> **Your task**:
For this exercise, reproduce the records exactly as they stand and do not carry any images over.

(Saved entries)
-- -- --
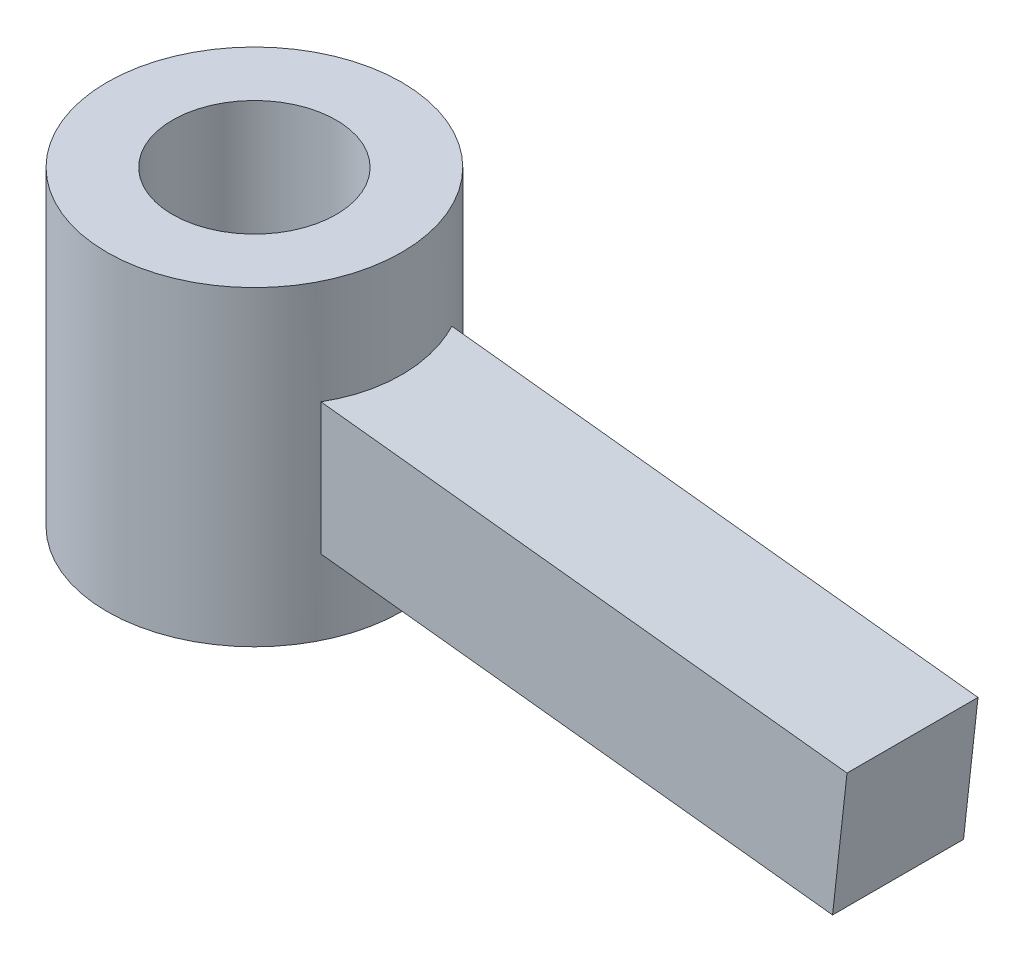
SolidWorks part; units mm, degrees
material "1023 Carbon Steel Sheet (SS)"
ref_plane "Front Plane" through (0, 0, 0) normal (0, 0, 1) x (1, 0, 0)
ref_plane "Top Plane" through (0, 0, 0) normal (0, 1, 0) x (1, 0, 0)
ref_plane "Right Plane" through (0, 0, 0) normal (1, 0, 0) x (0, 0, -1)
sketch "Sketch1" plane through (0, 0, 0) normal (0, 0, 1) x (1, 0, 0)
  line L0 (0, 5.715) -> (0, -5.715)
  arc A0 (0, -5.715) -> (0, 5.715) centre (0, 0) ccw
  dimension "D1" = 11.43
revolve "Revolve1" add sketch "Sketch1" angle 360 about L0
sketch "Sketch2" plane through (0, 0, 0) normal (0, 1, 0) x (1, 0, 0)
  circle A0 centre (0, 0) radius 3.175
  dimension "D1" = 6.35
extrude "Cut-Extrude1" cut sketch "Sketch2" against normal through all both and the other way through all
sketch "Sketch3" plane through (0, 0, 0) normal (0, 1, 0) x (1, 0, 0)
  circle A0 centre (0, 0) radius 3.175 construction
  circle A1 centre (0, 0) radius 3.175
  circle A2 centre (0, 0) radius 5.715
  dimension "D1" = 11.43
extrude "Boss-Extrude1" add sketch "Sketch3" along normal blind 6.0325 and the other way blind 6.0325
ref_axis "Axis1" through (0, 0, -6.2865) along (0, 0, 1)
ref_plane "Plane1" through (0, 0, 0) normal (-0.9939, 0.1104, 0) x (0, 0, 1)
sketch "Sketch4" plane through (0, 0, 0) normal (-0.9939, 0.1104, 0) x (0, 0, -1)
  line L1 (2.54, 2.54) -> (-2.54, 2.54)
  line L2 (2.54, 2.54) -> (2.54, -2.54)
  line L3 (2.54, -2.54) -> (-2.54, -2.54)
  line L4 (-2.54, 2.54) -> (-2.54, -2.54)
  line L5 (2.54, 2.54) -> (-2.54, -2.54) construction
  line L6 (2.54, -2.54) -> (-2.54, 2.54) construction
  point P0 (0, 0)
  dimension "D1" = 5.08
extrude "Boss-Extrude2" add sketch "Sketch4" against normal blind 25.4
-- -- --
> **The completed task**:
SolidWorks part; units mm, degrees
material "1023 Carbon Steel Sheet (SS)"
ref_plane "Front Plane" through (0, 0, 0) normal (0, 0, 1) x (1, 0, 0)
ref_plane "Top Plane" through (0, 0, 0) normal (0, 1, 0) x (1, 0, 0)
ref_plane "Right Plane" through (0, 0, 0) normal (1, 0, 0) x (0, 0, -1)
sketch "Sketch1" plane through (0, 0, 0) normal (0, 0, 1) x (1, 0, 0)
  line L0 (0, 5.715) -> (0, -5.715)
  arc A0 (0, -5.715) -> (0, 5.715) centre (0, 0) ccw
  dimension "D1" = 11.43
revolve "Revolve1" add sketch "Sketch1" angle 360 about L0
sketch "Sketch2" plane through (0, 0, 0) normal (0, 1, 0) x (1, 0, 0)
  circle A0 centre (0, 0) radius 3.175
  dimension "D1" = 6.35
extrude "Cut-Extrude1" cut sketch "Sketch2" against normal through all both and the other way through all
sketch "Sketch3" plane through (0, 0, 0) normal (0, 1, 0) x (1, 0, 0)
  circle A0 centre (0, 0) radius 3.175 construction
  circle A1 centre (0, 0) radius 3.175
  circle A2 centre (0, 0) radius 5.715
  dimension "D1" = 11.43
extrude "Boss-Extrude1" add sketch "Sketch3" along normal blind 6.0325 and the other way blind 6.0325
ref_axis "Axis1" through (0, 0, -6.2865) along (0, 0, 1)
ref_plane "Plane1" through (0, 0, 0) normal (-0.9939, 0.1104, 0) x (0, 0, 1)
sketch "Sketch4" plane through (0, 0, 0) normal (-0.9939, 0.1104, 0) x (0, 0, -1)
  line L1 (2.54, 2.54) -> (-2.54, 2.54)
  line L2 (2.54, 2.54) -> (2.54, -2.54)
  line L3 (2.54, -2.54) -> (-2.54, -2.54)
  line L4 (-2.54, 2.54) -> (-2.54, -2.54)
  line L5 (2.54, 2.54) -> (-2.54, -2.54) construction
  line L6 (2.54, -2.54) -> (-2.54, 2.54) construction
  point P0 (0, 0)
  dimension "D1" = 5.08
extrude "Boss-Extrude2" add sketch "Sketch4" against normal blind 25.4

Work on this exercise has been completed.